Approach: The approach is to iterate through the array, multiplying the values and keeping track of whether the product is positive, negative, or zero.
Observations:
• We only need the sign of the product, not the actual product itself.
• If there is a zero in the array, the product is zero, and we can return 0 immediately.
Steps:
• Initialize a variable to keep track of the sign (1 for positive, -1 for negative).
• Iterate through the array: if the number is negative, flip the sign, and if the number is zero, return zero.
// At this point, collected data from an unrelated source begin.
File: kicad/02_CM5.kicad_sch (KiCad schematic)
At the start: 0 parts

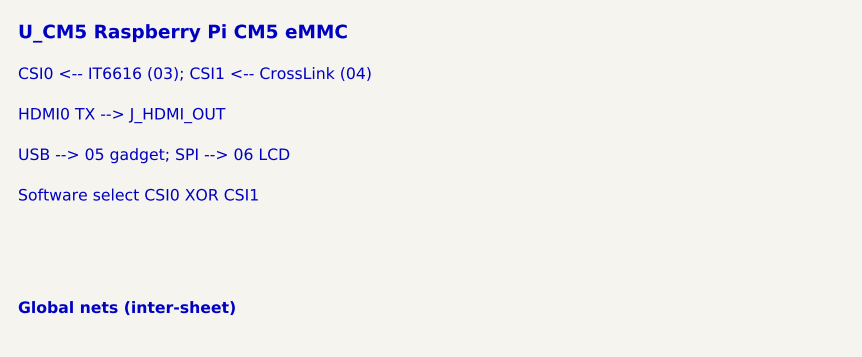
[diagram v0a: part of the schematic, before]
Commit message: Add Antmicro SDI ingest sheet and real SDI playback out.
Import GS2971A+CrossLink into sheet 04, require GS2962A playback path (not input loop), and lock IT6616 HDMI CSI.

Co-authored-by: Cursor <cursoragent@cursor.com>
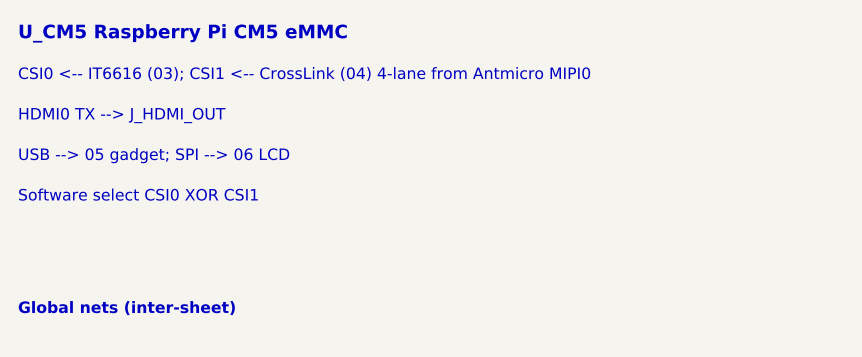
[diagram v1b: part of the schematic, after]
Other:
- note added: "CSI0 <-- IT6616 (03); CSI1 <-- CrossLink (04) 4-lane from Antmicro MIPI0"
- note removed: "CSI0 <-- IT6616 (03); CSI1 <-- CrossLink (04)"
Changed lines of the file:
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@@
     (effects (font (size 1.5 1.5) (bold yes)) (justify left bottom))
   )
-  (text "CSI0 <-- IT6616 (03); CSI1 <-- CrossLink (04)"
+  (text "CSI0 <-- IT6616 (03); CSI1 <-- CrossLink (04) 4-lane from Antmicro MIPI0"
     (exclude_from_sim no)
     (at 25 22.5 0)

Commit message: Wire sheet 07 SDI playback path with real symbols.
Add IT66021FN and GS2962A library symbols, TMDS 1:2 buffer to HDMI monitor and SDI out, and expand CM5 HDMI TMDS nets.

Co-authored-by: Cursor <cursoragent@cursor.com>
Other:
- note added: "HDMI0 TX (HDMI_TX_D0/D1/D2/CK P/N) --> sheet 07 TMDS buffer / monitor / SDI"
- note removed: "HDMI0 TX --> J_HDMI_OUT"
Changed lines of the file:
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@@
     (effects (font (size 1.27 1.27)) (justify left bottom))
   )
-  (text "HDMI0 TX --> J_HDMI_OUT"
+  (text "HDMI0 TX (HDMI_TX_D0/D1/D2/CK P/N) --> sheet 07 TMDS buffer / monitor / SDI"
     (exclude_from_sim no)
     (at 25 27.0 0)
@@
       (effects (font (size 1.27 1.27)) (hide yes))
     )
+  )
+  (global_label "HDMI_TX_D0_P"
+    (shape output)
+    (at 25 144.5 0)
+    (effects (font (size 1.27 1.27)) (justify left))
+    (fields_autoplaced yes)
+    (property "Intersheetrefs" "${INTERSHEET_REFS}" (at 25 144.5 0)
+      (effects (font (size 1.27 1.27)) (hide yes))
+    )
+  )
+  (global_label "HDMI_TX_D0_N"
+    (shape output)
+    (at 25 149.5 0)
+    (effects (font (size 1.27 1.27)) (justify left))
+    (fields_autoplaced yes)
+    (property "Intersheetrefs" "${INTERSHEET_REFS}" (at 25 149.5 0)
+      (effects (font (size 1.27 1.27)) (hide yes))
+    )
+  )
+  (global_label "HDMI_TX_D1_P"
+    (shape output)
+    (at 25 154.5 0)
+    (effects (font (size 1.27 1.27)) (justify left))
+    (fields_autoplaced yes)
+    (property "Intersheetrefs" "${INTERSHEET_REFS}" (at 25 154.5 0)
+      (effects (font (size 1.27 1.27)) (hide yes))
+    )
+  )
+  (global_label "HDMI_TX_D1_N"
+    (shape output)
+    (at 25 159.5 0)
+    (effects (font (size 1.27 1.27)) (justify left))
+    (fields_autoplaced yes)
+    (property "Intersheetrefs" "${INTERSHEET_REFS}" (at 25 159.5 0)
+      (effects (font (size 1.27 1.27)) (hide yes))
+    )
+  )
+  (global_label "HDMI_TX_D2_P"
+    (shape output)
+    (at 25 164.5 0)
+    (effects (font (size 1.27 1.27)) (justify left))
+    (fields_autoplaced yes)
+    (property "Intersheetrefs" "${INTERSHEET_REFS}" (at 25 164.5 0)
+      (effects (font (size 1.27 1.27)) (hide yes))
+    )
+  )
+  (global_label "HDMI_TX_D2_N"
+    (shape output)
+    (at 25 169.5 0)
+    (effects (font (size 1.27 1.27)) (justify left))
+    (fields_autoplaced yes)
+    (property "Intersheetrefs" "${INTERSHEET_REFS}" (at 25 169.5 0)
+      (effects (font (size 1.27 1.27)) (hide yes))
+    )
+  )
+  (global_label "HDMI_TX_CK_P"
+    (shape output)
+    (at 25 174.5 0)
+    (effects (font (size 1.27 1.27)) (justify left))
+    (fields_autoplaced yes)
+    (property "Intersheetrefs" "${INTERSHEET_REFS}" (at 25 174.5 0)
+      (effects (font (size 1.27 1.27)) (hide yes))
+    )
+  )
+  (global_label "HDMI_TX_CK_N"
+    (shape output)
+    (at 25 179.5 0)
+    (effects (font (size 1.27 1.27)) (justify left))
+    (fields_autoplaced yes)
+    (property "Intersheetrefs" "${INTERSHEET_REFS}" (at 25 179.5 0)
+      (effects (font (size 1.27 1.27)) (hide yes))
+    )
+  )
+  (global_label "SDI_TX_SPI_MOSI"
+    (shape output)
+    (at 25 184.5 0)
+    (effects (font (size 1.27 1.27)) (justify left))
+    (fields_autoplaced yes)
+    (property "Intersheetrefs" "${INTERSHEET_REFS}" (at 25 184.5 0)
+      (effects (font (size 1.27 1.27)) (hide yes))
+    )
+  )
+  (global_label "SDI_TX_SPI_MISO"
+    (shape input)
+    (at 25 189.5 0)
+    (effects (font (size 1.27 1.27)) (justify left))
+    (fields_autoplaced yes)
+    (property "Intersheetrefs" "${INTERSHEET_REFS}" (at 25 189.5 0)
+      (effects (font (size 1.27 1.27)) (hide yes))
+    )
+  )
+  (global_label "SDI_TX_SPI_SCK"
+    (shape output)
+    (at 25 194.5 0)
+    (effects (font (size 1.27 1.27)) (justify left))
+    (fields_autoplaced yes)
+    (property "Intersheetrefs" "${INTERSHEET_REFS}" (at 25 194.5 0)
+      (effects (font (size 1.27 1.27)) (hide yes))
+    )
+  )
+  (global_label "SDI_TX_SPI_CS"
+    (shape output)
+    (at 25 199.5 0)
+    (effects (font (size 1.27 1.27)) (justify left))
+    (fields_autoplaced yes)
+    (property "Intersheetrefs" "${INTERSHEET_REFS}" (at 25 199.5 0)
+      (effects (font (size 1.27 1.27)) (hide yes))
+    )

• Return the computed sign after finishing the iteration.
Empty Inputs:
• An empty array should not be allowed by the constraints.
Large Inputs:
• Large arrays should be handled efficiently with a time complexity of O(n).
Special Values:
• If the array contains a zero, the result is immediately zero.
Constraints:
• The solution should work for the full range of allowed input sizes and values.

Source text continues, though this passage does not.